Slow database test fallacy

By David Heinemeier Hansson on April 30, 2014

The classical definition of a unit test in TDD lore is one that doesn't touch the database. Or any other external interface, like the file system. The justification is largely one of speed. Connecting to external services like that would be too slow to get the feedback cycle you need.

That was probably true in 1997 when you were connecting to a mainframe database or some Oracle abomination. It's not true in 2014 where you can run your MySQL or PostgreSQL database locally off a super-fast SSD. You'll be hard pressed to even find a development machine today that doesn't have gobs of RAM, an SSD drive, and a speedy CPU.

Thus is the progress of computers. Heuristics and principles we adopt in one era of computing do not necessarily apply tomorrow. In fact, anything that's based on a definition of "slow" should be revisited frequently. Sound lessons can turn unsound very quickly. This is exactly what's happened to the "don't touch the database!" recommendation for unit testing.

As I detailed in test-induced design damage, it's far from free to abstract yourself away from touching the database in most MVC systems. The amount of indirection and additional layers needed end up scarring the code base and hurting the clarity of the system. Inflicting such damage may well had been worth it back in the old days when a full suite of tests hitting the database would have taken hours to run. It so much certainly is not when we're talking about a few minutes.

All tests in 4 minutes, all model tests in 80 seconds

I can run every single model test in the Basecamp suite in 80 seconds. That's 3333 assertions, all hitting the database, all going through Active Record, and all using the killer Rails feature of test fixtures. The entire suite, which includes controller and integration tests that likewise go through the database and test fixtures, runs in 4 minutes and 30 seconds. That's for a 1:1 test:code ratio.

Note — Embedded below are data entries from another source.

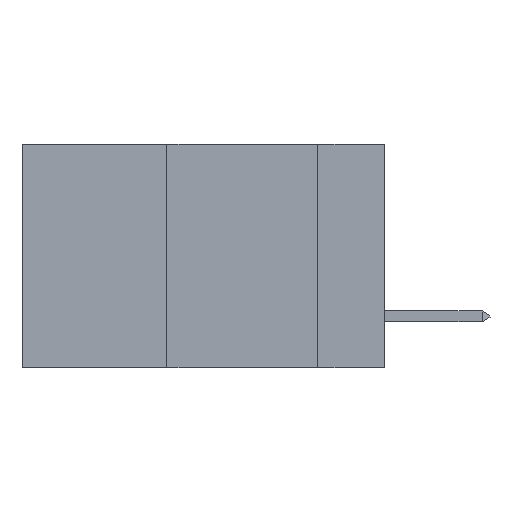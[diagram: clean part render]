
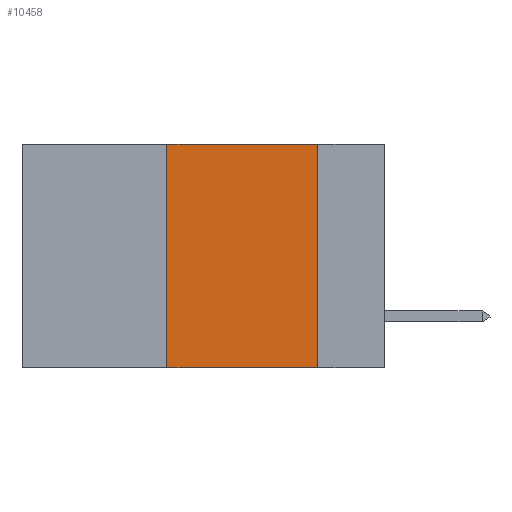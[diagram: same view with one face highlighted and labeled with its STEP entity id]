
A CAD part, left-side view. The second image highlights one B-rep face of the part: STEP entity #10458.
In plain terms, the highlighted planar face has unit normal (-1, 0, 0).
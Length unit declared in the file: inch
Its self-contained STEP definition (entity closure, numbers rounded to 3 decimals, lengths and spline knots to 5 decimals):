
#444 = LINE ( 'NONE', #11660, #16836 ) ;
#1110 = VERTEX_POINT ( 'NONE', #16970 ) ;
#2812 = CARTESIAN_POINT ( 'NONE',  ( 0., 0.36, 0. ) ) ;
#3941 = DIRECTION ( 'NONE',  ( 0., 0., 1. ) ) ;
#5529 = CARTESIAN_POINT ( 'NONE',  ( 0., 0.11, 0. ) ) ;
#6319 = LINE ( 'NONE', #15012, #16655 ) ;
#6585 = LINE ( 'NONE', #14074, #11608 ) ;
#7164 = AXIS2_PLACEMENT_3D ( 'NONE', #7330, #15847, #9046 ) ;
#7330 = CARTESIAN_POINT ( 'NONE',  ( 0., 0.6, 0. ) ) ;
#7693 = EDGE_CURVE ( 'NONE', #21680, #1110, #6319, .T. ) ;
#8125 = DIRECTION ( 'NONE',  ( 0., -1., 0. ) ) ;
#8415 = DIRECTION ( 'NONE',  ( 0., -1., 0. ) ) ;
#9046 = DIRECTION ( 'NONE',  ( 0., 0., -1. ) ) ;
#10458 = ADVANCED_FACE ( 'NONE', ( #13499 ), #17498, .F. ) ;
#10988 = CARTESIAN_POINT ( 'NONE',  ( 0., 0.11, 0. ) ) ;
#11200 = ORIENTED_EDGE ( 'NONE', *, *, #16807, .F. ) ;
#11608 = VECTOR ( 'NONE', #3941, 39.37008 ) ;
#11660 = CARTESIAN_POINT ( 'NONE',  ( 0., 0.6, 0. ) ) ;
#13499 = FACE_OUTER_BOUND ( 'NONE', #21475, .T. ) ;
#13796 = VERTEX_POINT ( 'NONE', #2812 ) ;
#14074 = CARTESIAN_POINT ( 'NONE',  ( 0., 0.36, 0. ) ) ;
#14112 = DIRECTION ( 'NONE',  ( 0., 0., -1. ) ) ;
#14910 = EDGE_CURVE ( 'NONE', #21680, #13796, #6585, .T. ) ;
#15012 = CARTESIAN_POINT ( 'NONE',  ( 0., 0.6, -0.37 ) ) ;
#15323 = LINE ( 'NONE', #10988, #17723 ) ;
#15793 = ORIENTED_EDGE ( 'NONE', *, *, #7693, .T. ) ;
#15847 = DIRECTION ( 'NONE',  ( 1., 0., 0. ) ) ;
#16655 = VECTOR ( 'NONE', #8125, 39.37008 ) ;
#16807 = EDGE_CURVE ( 'NONE', #13796, #20131, #444, .T. ) ;
#16836 = VECTOR ( 'NONE', #8415, 39.37008 ) ;
#16970 = CARTESIAN_POINT ( 'NONE',  ( 0., 0.11, -0.37 ) ) ;
#17498 = PLANE ( 'NONE',  #7164 ) ;
#17723 = VECTOR ( 'NONE', #14112, 39.37008 ) ;
#20131 = VERTEX_POINT ( 'NONE', #5529 ) ;
#20252 = EDGE_CURVE ( 'NONE', #20131, #1110, #15323, .T. ) ;
#21006 = ORIENTED_EDGE ( 'NONE', *, *, #14910, .F. ) ;
#21185 = ORIENTED_EDGE ( 'NONE', *, *, #20252, .F. ) ;
#21475 = EDGE_LOOP ( 'NONE', ( #21185, #11200, #21006, #15793 ) ) ;
#21661 = CARTESIAN_POINT ( 'NONE',  ( 0., 0.36, -0.37 ) ) ;
#21680 = VERTEX_POINT ( 'NONE', #21661 ) ;
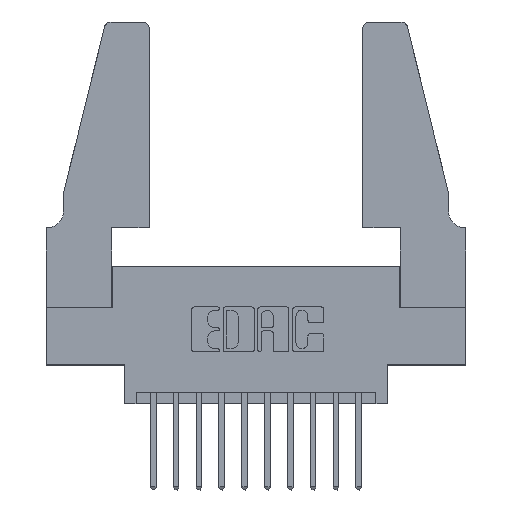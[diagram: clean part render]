
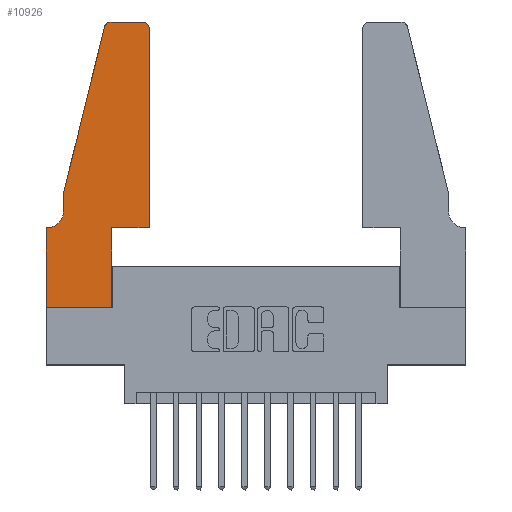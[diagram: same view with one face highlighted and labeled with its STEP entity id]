
A CAD part, top view. The second image highlights one B-rep face of the part: STEP entity #10926.
In plain terms, the highlighted planar face has unit normal (0, 0, 1).
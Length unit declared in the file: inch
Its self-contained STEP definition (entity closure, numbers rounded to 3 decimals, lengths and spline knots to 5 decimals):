
#230 = EDGE_CURVE ( 'NONE', #5821, #540, #9994, .T. ) ;
#301 = EDGE_CURVE ( 'NONE', #2111, #5821, #5973, .T. ) ;
#484 = ORIENTED_EDGE ( 'NONE', *, *, #8773, .T. ) ;
#540 = VERTEX_POINT ( 'NONE', #3722 ) ;
#544 = CARTESIAN_POINT ( 'NONE',  ( 0., 0., 0.37 ) ) ;
#574 = CIRCLE ( 'NONE', #8269, 0.03 ) ;
#624 = DIRECTION ( 'NONE',  ( -1., 0., 0. ) ) ;
#748 = EDGE_CURVE ( 'NONE', #3434, #7394, #574, .T. ) ;
#808 = CARTESIAN_POINT ( 'NONE',  ( 0., 0., 0.37 ) ) ;
#826 = ORIENTED_EDGE ( 'NONE', *, *, #13405, .T. ) ;
#842 = EDGE_CURVE ( 'NONE', #10986, #8080, #11153, .T. ) ;
#935 = CARTESIAN_POINT ( 'NONE',  ( 0.4505, 1.22, 0.37 ) ) ;
#1019 = CARTESIAN_POINT ( 'NONE',  ( 0.0755, 0.42, 0.37 ) ) ;
#1106 = DIRECTION ( 'NONE',  ( 0., 0., 1. ) ) ;
#1254 = CARTESIAN_POINT ( 'NONE',  ( 0.4505, 0.35, 0.37 ) ) ;
#1396 = EDGE_CURVE ( 'NONE', #2312, #3434, #13330, .T. ) ;
#1622 = VECTOR ( 'NONE', #2441, 39.37008 ) ;
#1726 = VERTEX_POINT ( 'NONE', #11067 ) ;
#1961 = LINE ( 'NONE', #12746, #13091 ) ;
#2064 = ORIENTED_EDGE ( 'NONE', *, *, #3048, .T. ) ;
#2111 = VERTEX_POINT ( 'NONE', #808 ) ;
#2312 = VERTEX_POINT ( 'NONE', #9171 ) ;
#2441 = DIRECTION ( 'NONE',  ( 1., 0., 0. ) ) ;
#2993 = VECTOR ( 'NONE', #5000, 39.37008 ) ;
#3048 = EDGE_CURVE ( 'NONE', #540, #2312, #8004, .T. ) ;
#3434 = VERTEX_POINT ( 'NONE', #935 ) ;
#3508 = DIRECTION ( 'NONE',  ( 0., 0., 1. ) ) ;
#3529 = CARTESIAN_POINT ( 'NONE',  ( 0.4205, 1.22, 0.37 ) ) ;
#3647 = DIRECTION ( 'NONE',  ( 0., -1., 0. ) ) ;
#3704 = CARTESIAN_POINT ( 'NONE',  ( 0.25487, 1.22718, 0.37 ) ) ;
#3722 = CARTESIAN_POINT ( 'NONE',  ( 0.2865, 0.35, 0.37 ) ) ;
#3901 = VERTEX_POINT ( 'NONE', #8595 ) ;
#4165 = LINE ( 'NONE', #6342, #9750 ) ;
#4450 = CARTESIAN_POINT ( 'NONE',  ( 0.4505, 0.35, 0.37 ) ) ;
#4728 = VERTEX_POINT ( 'NONE', #8924 ) ;
#5000 = DIRECTION ( 'NONE',  ( 1., 0., 0. ) ) ;
#5054 = DIRECTION ( 'NONE',  ( -1., 0., 0. ) ) ;
#5693 = CIRCLE ( 'NONE', #6735, 0.07 ) ;
#5749 = DIRECTION ( 'NONE',  ( 0., 1., 0. ) ) ;
#5821 = VERTEX_POINT ( 'NONE', #10958 ) ;
#5967 = FACE_OUTER_BOUND ( 'NONE', #11029, .T. ) ;
#5969 = CARTESIAN_POINT ( 'NONE',  ( 0.0755, 0.5, 0.37 ) ) ;
#5973 = LINE ( 'NONE', #6641, #2993 ) ;
#6000 = CARTESIAN_POINT ( 'NONE',  ( 0.2865, 0.35, 0.37 ) ) ;
#6024 = AXIS2_PLACEMENT_3D ( 'NONE', #13171, #6599, #14235 ) ;
#6342 = CARTESIAN_POINT ( 'NONE',  ( 0.0755, 0.35, 0.37 ) ) ;
#6570 = VERTEX_POINT ( 'NONE', #3704 ) ;
#6593 = ORIENTED_EDGE ( 'NONE', *, *, #1396, .T. ) ;
#6599 = DIRECTION ( 'NONE',  ( 0., 0., 1. ) ) ;
#6641 = CARTESIAN_POINT ( 'NONE',  ( 0., 0., 0.37 ) ) ;
#6735 = AXIS2_PLACEMENT_3D ( 'NONE', #13304, #6743, #14367 ) ;
#6743 = DIRECTION ( 'NONE',  ( 0., 0., -1. ) ) ;
#6801 = ORIENTED_EDGE ( 'NONE', *, *, #301, .T. ) ;
#6952 = AXIS2_PLACEMENT_3D ( 'NONE', #7931, #1106, #9066 ) ;
#7393 = DIRECTION ( 'NONE',  ( 0., -1., 0. ) ) ;
#7394 = VERTEX_POINT ( 'NONE', #8258 ) ;
#7737 = VECTOR ( 'NONE', #7393, 39.37008 ) ;
#7839 = PLANE ( 'NONE',  #6952 ) ;
#7931 = CARTESIAN_POINT ( 'NONE',  ( 0., 0.35, 0.37 ) ) ;
#8004 = LINE ( 'NONE', #1254, #1622 ) ;
#8080 = VERTEX_POINT ( 'NONE', #1019 ) ;
#8252 = VECTOR ( 'NONE', #3647, 39.37008 ) ;
#8258 = CARTESIAN_POINT ( 'NONE',  ( 0.4205, 1.25, 0.37 ) ) ;
#8269 = AXIS2_PLACEMENT_3D ( 'NONE', #3529, #3508, #9182 ) ;
#8423 = EDGE_CURVE ( 'NONE', #7394, #3901, #1961, .T. ) ;
#8595 = CARTESIAN_POINT ( 'NONE',  ( 0.284, 1.25, 0.37 ) ) ;
#8773 = EDGE_CURVE ( 'NONE', #8080, #4728, #5693, .T. ) ;
#8782 = ORIENTED_EDGE ( 'NONE', *, *, #12742, .T. ) ;
#8924 = CARTESIAN_POINT ( 'NONE',  ( 0.0055, 0.35, 0.37 ) ) ;
#9066 = DIRECTION ( 'NONE',  ( 1., 0., 0. ) ) ;
#9101 = DIRECTION ( 'NONE',  ( -0.239, -0.971, 0. ) ) ;
#9171 = CARTESIAN_POINT ( 'NONE',  ( 0.4505, 0.35, 0.37 ) ) ;
#9182 = DIRECTION ( 'NONE',  ( 1., 0., 0. ) ) ;
#9239 = ORIENTED_EDGE ( 'NONE', *, *, #842, .T. ) ;
#9660 = VECTOR ( 'NONE', #5749, 39.37008 ) ;
#9735 = DIRECTION ( 'NONE',  ( 0., 1., 0. ) ) ;
#9750 = VECTOR ( 'NONE', #624, 39.37008 ) ;
#9994 = LINE ( 'NONE', #6000, #9660 ) ;
#10233 = CIRCLE ( 'NONE', #6024, 0.03 ) ;
#10359 = EDGE_CURVE ( 'NONE', #1726, #2111, #10996, .T. ) ;
#10435 = ORIENTED_EDGE ( 'NONE', *, *, #10359, .T. ) ;
#10447 = VECTOR ( 'NONE', #9735, 39.37008 ) ;
#10913 = LINE ( 'NONE', #14451, #13107 ) ;
#10926 = ADVANCED_FACE ( 'NONE', ( #5967 ), #7839, .T. ) ;
#10958 = CARTESIAN_POINT ( 'NONE',  ( 0.2865, 0., 0.37 ) ) ;
#10986 = VERTEX_POINT ( 'NONE', #13398 ) ;
#10996 = LINE ( 'NONE', #544, #7737 ) ;
#11029 = EDGE_LOOP ( 'NONE', ( #14077, #8782, #826, #9239, #484, #11925, #10435, #6801, #11634, #2064, #6593, #14354 ) ) ;
#11067 = CARTESIAN_POINT ( 'NONE',  ( 0., 0.35, 0.37 ) ) ;
#11153 = LINE ( 'NONE', #5969, #8252 ) ;
#11634 = ORIENTED_EDGE ( 'NONE', *, *, #230, .T. ) ;
#11925 = ORIENTED_EDGE ( 'NONE', *, *, #13224, .T. ) ;
#12742 = EDGE_CURVE ( 'NONE', #3901, #6570, #10233, .T. ) ;
#12746 = CARTESIAN_POINT ( 'NONE',  ( 0.2605, 1.25, 0.37 ) ) ;
#13091 = VECTOR ( 'NONE', #5054, 39.37008 ) ;
#13107 = VECTOR ( 'NONE', #9101, 39.37008 ) ;
#13171 = CARTESIAN_POINT ( 'NONE',  ( 0.284, 1.22, 0.37 ) ) ;
#13224 = EDGE_CURVE ( 'NONE', #4728, #1726, #4165, .T. ) ;
#13304 = CARTESIAN_POINT ( 'NONE',  ( 0.0055, 0.42, 0.37 ) ) ;
#13330 = LINE ( 'NONE', #4450, #10447 ) ;
#13398 = CARTESIAN_POINT ( 'NONE',  ( 0.0755, 0.5, 0.37 ) ) ;
#13405 = EDGE_CURVE ( 'NONE', #6570, #10986, #10913, .T. ) ;
#14077 = ORIENTED_EDGE ( 'NONE', *, *, #8423, .T. ) ;
#14235 = DIRECTION ( 'NONE',  ( 1., 0., 0. ) ) ;
#14354 = ORIENTED_EDGE ( 'NONE', *, *, #748, .T. ) ;
#14367 = DIRECTION ( 'NONE',  ( -1., 0., 0. ) ) ;
#14451 = CARTESIAN_POINT ( 'NONE',  ( 0.0755, 0.5, 0.37 ) ) ;

You might think, well, that's pretty fast for a whole suite, but I still wouldn't want to wait 80 seconds every time I make a single change to my model, and want to test that. Of course not! Why on earth would you run your entire test harness for every single line change in a particular model? If you have so little confidence in the locality of your changes, the tests are indeed telling you that the system has overly high coupling.

What I do is to run just the suite for the model in question. For large Rails applications, this used to still be a little painful. You had to wait for Rails to boot the entire application every time you wanted to run the suite, which took about 5 seconds for Basecamp. Enough to be annoying.

Rails has since adopted a persistent test process through the wonderful Spring preloader. Just like CGI was a bad model for any complicated web application, so too is reloading your entire application and framework on every test run. These days I can run the entire test suite for our Person model — 52 cases, 111 assertions — in just under 4 seconds from start to finish. Plenty fast enough for a great feedback cycle!

The power of test fixtures

This great speed is partly due to the wonders of test fixtures. The default test fixtures in Rails are reset on a per case basis, such that each test case runs in isolation, but it's done through a transaction wrapper. Before each test case, we do BEGIN TRANSACTION, and at the end of the case, we do ROLLBACK TRANSACTION. This is crazy fast, so there's no setup penalty.

Then when you're done working on your model, and you're ready to check in your new feature, or just take a little break, you run the entire 80-second suite. Just to make sure that you didn't inadvertently break something in a far away model.

Between the two modes of testing, you'll have great confidence in your ability to make changes and develop new functionality, without the anxiety of breaking stuff left and right. THAT'S the true power of testing!

So please. Don't pervert your architecture in order to prematurely optimize for the performance characteristics of the mid-nineties. Embrace the awesome power of modern computers, and revel in the clarity of a code base unharmed by test-induced design damage.